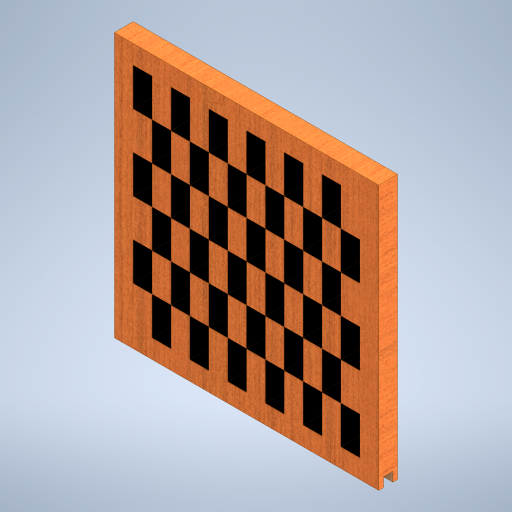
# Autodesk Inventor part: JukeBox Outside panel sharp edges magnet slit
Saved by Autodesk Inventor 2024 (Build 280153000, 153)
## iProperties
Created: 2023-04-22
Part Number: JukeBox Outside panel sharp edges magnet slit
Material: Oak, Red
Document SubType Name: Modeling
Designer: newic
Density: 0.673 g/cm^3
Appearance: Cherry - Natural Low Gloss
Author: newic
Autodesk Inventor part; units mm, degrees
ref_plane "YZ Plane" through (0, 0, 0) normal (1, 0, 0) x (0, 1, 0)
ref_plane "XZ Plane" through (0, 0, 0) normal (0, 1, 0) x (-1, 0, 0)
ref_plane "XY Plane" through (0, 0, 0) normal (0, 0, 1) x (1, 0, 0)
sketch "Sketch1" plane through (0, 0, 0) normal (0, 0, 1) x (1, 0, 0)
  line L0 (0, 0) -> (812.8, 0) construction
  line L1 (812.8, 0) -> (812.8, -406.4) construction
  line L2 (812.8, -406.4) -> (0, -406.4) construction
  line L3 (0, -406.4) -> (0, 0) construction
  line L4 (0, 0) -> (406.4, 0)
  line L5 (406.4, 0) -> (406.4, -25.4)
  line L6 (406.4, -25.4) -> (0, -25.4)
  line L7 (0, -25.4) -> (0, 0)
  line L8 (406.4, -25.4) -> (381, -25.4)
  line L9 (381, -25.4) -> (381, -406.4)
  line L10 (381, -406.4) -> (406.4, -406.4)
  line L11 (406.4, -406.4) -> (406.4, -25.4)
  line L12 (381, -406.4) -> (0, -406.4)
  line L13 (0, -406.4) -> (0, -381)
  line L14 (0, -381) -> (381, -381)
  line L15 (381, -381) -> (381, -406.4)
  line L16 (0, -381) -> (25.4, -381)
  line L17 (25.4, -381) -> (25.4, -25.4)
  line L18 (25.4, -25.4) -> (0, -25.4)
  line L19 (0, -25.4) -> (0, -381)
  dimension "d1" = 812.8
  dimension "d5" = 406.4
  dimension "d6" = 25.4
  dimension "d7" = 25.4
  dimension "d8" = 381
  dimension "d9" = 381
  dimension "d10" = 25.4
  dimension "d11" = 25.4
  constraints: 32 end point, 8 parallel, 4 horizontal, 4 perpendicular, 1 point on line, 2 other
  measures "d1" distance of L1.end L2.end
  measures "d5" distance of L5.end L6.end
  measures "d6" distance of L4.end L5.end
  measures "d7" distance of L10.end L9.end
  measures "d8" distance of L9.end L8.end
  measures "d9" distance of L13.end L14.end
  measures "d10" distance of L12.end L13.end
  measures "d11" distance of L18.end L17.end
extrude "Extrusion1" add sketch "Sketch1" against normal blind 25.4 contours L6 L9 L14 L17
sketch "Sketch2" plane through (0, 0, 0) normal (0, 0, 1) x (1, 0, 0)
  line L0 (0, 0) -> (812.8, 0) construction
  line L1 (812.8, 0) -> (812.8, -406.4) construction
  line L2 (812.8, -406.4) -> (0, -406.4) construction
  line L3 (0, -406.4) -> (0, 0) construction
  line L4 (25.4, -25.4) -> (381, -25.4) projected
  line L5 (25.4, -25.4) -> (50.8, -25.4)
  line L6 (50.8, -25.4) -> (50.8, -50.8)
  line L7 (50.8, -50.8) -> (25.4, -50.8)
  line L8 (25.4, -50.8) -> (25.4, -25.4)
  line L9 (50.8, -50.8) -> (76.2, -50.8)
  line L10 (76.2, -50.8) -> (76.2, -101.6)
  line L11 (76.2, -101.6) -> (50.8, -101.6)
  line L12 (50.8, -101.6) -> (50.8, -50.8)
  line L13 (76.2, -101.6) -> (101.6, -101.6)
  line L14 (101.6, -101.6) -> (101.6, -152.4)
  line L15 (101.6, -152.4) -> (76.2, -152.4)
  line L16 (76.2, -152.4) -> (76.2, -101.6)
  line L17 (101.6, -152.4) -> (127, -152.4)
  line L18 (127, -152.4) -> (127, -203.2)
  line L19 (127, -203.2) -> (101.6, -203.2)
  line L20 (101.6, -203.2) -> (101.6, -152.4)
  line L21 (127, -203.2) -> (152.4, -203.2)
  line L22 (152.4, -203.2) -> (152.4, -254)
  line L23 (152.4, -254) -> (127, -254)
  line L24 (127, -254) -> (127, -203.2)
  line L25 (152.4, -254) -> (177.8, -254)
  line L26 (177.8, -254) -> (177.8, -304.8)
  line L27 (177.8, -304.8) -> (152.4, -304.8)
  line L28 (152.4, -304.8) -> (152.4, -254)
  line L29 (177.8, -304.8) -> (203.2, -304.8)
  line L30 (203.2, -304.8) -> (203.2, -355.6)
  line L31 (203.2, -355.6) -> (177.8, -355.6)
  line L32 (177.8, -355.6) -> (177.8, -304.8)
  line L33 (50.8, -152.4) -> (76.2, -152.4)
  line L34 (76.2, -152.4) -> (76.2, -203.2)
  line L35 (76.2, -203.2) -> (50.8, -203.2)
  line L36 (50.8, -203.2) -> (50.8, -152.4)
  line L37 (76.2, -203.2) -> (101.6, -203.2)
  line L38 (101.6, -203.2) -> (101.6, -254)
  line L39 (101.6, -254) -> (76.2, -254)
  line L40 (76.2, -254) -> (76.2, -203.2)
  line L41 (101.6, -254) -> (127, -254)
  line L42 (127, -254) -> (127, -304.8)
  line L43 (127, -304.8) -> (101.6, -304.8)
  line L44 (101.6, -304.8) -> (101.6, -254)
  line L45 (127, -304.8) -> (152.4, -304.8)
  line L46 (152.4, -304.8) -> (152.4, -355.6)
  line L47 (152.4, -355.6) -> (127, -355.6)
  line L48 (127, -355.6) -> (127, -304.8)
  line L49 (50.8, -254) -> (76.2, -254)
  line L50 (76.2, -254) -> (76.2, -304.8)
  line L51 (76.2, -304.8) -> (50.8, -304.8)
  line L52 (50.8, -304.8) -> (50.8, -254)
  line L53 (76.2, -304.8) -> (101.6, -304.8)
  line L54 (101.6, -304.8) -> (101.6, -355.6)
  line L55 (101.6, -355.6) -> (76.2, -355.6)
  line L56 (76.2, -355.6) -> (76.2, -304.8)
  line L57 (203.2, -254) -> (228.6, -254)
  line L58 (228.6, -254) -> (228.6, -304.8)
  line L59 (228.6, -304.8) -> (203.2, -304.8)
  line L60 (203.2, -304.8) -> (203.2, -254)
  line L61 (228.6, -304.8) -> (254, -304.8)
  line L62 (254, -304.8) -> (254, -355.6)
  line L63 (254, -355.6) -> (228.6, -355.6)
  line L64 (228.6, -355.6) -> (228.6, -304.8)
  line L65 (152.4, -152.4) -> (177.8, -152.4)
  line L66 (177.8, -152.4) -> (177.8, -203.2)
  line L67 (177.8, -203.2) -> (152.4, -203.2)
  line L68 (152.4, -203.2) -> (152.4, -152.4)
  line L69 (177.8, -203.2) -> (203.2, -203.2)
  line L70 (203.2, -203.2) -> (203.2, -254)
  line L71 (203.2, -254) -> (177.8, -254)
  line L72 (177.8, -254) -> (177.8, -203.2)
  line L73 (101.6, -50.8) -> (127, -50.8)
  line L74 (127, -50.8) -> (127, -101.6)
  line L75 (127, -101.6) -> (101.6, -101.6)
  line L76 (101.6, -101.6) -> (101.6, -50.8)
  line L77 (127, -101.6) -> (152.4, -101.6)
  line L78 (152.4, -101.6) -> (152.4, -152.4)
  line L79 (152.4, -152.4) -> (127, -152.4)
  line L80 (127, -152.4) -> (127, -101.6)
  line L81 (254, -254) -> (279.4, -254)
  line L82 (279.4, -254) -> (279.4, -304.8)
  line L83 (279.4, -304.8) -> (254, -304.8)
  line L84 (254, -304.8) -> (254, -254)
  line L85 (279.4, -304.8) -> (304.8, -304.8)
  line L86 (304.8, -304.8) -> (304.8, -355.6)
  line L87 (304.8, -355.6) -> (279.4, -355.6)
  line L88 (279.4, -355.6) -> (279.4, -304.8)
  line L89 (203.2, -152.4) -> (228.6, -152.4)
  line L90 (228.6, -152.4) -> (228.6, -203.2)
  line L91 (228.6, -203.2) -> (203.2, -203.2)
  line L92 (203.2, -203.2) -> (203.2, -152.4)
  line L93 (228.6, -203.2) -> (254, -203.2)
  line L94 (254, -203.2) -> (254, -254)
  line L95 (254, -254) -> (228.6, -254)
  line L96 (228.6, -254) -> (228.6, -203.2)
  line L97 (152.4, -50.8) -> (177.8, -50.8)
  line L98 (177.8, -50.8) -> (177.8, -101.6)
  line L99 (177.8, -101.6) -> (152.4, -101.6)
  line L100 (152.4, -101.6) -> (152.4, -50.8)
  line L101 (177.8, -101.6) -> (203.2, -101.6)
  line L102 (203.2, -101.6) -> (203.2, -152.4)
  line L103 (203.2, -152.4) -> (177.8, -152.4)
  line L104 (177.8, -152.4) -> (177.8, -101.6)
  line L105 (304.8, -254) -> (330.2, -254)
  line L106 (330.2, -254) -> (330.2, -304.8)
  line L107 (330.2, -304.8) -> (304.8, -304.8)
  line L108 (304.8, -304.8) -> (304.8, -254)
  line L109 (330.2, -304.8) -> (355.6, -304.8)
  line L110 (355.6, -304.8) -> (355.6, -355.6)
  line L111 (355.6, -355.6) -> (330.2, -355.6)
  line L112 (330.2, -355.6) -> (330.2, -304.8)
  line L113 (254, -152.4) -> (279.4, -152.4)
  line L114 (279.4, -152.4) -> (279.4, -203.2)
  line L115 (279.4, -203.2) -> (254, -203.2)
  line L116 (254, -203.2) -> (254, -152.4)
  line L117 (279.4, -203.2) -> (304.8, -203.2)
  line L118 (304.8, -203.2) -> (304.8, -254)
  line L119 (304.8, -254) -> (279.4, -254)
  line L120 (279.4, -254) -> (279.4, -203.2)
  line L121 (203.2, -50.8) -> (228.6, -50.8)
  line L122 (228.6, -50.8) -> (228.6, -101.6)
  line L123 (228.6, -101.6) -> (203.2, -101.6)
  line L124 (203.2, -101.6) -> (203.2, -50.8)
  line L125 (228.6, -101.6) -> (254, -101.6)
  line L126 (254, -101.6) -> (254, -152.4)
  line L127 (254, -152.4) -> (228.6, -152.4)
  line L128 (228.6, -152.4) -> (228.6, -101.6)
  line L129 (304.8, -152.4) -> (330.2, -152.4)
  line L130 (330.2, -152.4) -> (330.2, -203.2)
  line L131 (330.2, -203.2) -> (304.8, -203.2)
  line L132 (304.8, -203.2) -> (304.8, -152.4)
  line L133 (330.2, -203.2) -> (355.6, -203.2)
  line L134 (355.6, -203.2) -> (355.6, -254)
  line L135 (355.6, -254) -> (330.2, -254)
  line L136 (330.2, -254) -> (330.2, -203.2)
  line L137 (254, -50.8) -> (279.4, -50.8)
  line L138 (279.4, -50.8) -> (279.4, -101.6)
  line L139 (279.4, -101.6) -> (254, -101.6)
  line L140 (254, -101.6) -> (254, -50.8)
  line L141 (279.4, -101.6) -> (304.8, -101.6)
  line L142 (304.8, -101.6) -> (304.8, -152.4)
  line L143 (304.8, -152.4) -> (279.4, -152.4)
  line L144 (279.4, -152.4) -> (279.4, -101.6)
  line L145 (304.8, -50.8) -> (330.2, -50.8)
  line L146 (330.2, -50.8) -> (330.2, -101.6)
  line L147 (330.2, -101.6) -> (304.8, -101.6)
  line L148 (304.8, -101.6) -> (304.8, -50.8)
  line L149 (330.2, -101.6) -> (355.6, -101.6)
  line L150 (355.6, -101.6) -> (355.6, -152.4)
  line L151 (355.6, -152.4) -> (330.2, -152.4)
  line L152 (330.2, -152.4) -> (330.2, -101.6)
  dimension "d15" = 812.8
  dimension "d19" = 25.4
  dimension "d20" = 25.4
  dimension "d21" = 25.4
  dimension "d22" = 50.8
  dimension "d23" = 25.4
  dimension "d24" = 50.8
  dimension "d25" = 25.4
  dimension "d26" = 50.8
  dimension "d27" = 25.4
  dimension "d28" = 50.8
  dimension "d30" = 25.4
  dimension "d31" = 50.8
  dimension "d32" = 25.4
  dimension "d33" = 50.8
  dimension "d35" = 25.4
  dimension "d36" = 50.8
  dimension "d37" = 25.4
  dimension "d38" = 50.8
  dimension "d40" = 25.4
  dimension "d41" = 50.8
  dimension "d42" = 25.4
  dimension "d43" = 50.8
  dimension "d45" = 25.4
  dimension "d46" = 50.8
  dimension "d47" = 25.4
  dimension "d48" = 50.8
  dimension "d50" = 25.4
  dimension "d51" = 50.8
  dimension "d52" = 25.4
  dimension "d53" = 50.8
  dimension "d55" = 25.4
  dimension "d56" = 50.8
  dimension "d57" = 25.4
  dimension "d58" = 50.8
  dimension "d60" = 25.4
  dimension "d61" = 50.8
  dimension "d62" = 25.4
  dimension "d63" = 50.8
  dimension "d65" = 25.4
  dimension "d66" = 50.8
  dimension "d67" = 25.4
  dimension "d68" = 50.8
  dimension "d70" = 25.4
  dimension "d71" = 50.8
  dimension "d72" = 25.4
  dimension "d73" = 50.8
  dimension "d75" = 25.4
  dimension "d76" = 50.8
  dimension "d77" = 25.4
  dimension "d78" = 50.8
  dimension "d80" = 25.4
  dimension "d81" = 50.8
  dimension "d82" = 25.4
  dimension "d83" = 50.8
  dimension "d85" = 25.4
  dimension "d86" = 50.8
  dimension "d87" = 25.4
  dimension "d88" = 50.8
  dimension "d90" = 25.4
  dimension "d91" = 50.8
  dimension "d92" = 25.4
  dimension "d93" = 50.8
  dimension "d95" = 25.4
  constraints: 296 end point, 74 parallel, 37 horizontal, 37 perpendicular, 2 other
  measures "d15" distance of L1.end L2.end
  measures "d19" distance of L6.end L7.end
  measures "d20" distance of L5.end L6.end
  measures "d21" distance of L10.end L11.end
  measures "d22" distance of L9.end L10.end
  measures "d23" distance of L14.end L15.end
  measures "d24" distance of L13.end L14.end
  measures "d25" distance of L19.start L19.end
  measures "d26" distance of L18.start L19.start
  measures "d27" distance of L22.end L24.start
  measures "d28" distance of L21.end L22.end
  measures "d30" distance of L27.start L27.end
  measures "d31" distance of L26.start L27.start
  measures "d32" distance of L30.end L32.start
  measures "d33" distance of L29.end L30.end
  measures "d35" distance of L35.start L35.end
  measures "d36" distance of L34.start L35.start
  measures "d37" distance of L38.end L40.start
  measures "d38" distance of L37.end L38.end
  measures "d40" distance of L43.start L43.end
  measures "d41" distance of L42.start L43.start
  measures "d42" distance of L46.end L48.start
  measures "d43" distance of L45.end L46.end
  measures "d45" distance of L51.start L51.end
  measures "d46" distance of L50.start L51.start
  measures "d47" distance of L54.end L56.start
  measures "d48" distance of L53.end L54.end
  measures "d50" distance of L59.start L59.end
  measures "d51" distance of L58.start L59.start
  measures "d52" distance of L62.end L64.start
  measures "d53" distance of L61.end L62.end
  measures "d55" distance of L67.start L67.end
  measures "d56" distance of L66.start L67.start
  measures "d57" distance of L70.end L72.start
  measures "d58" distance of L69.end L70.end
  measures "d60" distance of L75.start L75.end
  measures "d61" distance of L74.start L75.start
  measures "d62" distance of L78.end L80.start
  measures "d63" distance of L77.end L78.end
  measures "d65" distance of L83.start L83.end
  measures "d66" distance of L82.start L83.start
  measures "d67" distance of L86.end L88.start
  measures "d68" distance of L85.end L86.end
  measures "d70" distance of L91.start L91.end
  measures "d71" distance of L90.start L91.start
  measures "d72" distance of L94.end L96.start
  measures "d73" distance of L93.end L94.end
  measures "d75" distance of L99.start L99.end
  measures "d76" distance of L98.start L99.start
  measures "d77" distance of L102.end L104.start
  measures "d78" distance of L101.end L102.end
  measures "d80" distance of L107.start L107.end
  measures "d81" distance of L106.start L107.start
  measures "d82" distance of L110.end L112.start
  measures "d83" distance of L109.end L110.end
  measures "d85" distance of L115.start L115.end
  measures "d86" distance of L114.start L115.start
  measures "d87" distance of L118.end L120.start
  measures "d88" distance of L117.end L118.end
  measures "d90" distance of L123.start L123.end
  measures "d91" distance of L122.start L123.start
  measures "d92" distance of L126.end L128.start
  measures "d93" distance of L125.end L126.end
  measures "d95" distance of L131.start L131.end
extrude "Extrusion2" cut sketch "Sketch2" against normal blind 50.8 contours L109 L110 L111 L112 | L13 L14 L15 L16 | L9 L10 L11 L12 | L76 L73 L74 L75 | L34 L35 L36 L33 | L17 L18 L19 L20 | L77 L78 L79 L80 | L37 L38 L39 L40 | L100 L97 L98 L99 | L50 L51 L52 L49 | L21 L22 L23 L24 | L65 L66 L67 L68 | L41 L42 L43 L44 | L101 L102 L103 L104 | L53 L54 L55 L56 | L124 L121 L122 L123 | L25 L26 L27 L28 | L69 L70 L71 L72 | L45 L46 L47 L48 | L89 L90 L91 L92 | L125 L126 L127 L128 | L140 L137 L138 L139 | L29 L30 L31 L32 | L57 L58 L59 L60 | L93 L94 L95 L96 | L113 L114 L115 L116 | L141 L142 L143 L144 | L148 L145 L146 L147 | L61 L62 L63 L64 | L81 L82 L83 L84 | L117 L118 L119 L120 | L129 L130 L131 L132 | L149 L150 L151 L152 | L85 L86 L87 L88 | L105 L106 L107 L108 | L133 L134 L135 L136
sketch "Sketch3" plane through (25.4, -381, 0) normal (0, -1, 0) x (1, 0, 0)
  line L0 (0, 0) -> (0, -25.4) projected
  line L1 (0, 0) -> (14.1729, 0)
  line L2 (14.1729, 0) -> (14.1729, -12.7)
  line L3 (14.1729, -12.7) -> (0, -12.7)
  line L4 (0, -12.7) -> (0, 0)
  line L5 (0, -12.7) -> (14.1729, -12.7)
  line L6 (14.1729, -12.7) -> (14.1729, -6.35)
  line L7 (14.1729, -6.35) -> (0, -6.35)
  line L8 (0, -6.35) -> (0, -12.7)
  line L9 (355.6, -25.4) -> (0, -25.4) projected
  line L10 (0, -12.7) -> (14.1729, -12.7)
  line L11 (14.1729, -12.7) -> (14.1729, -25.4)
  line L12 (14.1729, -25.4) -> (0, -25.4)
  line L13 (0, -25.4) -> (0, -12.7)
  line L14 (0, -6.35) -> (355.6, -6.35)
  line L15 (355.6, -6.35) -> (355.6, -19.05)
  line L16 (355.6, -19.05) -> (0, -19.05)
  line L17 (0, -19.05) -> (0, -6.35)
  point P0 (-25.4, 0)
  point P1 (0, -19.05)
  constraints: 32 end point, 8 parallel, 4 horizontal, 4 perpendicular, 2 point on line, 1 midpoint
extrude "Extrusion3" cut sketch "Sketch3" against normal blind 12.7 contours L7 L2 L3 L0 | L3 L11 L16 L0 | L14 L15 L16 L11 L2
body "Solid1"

- - - -

§ YOUR TASK: How many of the lines above include the word "parallel"? State that number and nothing else.

§ EXPECTED ANSWER: 3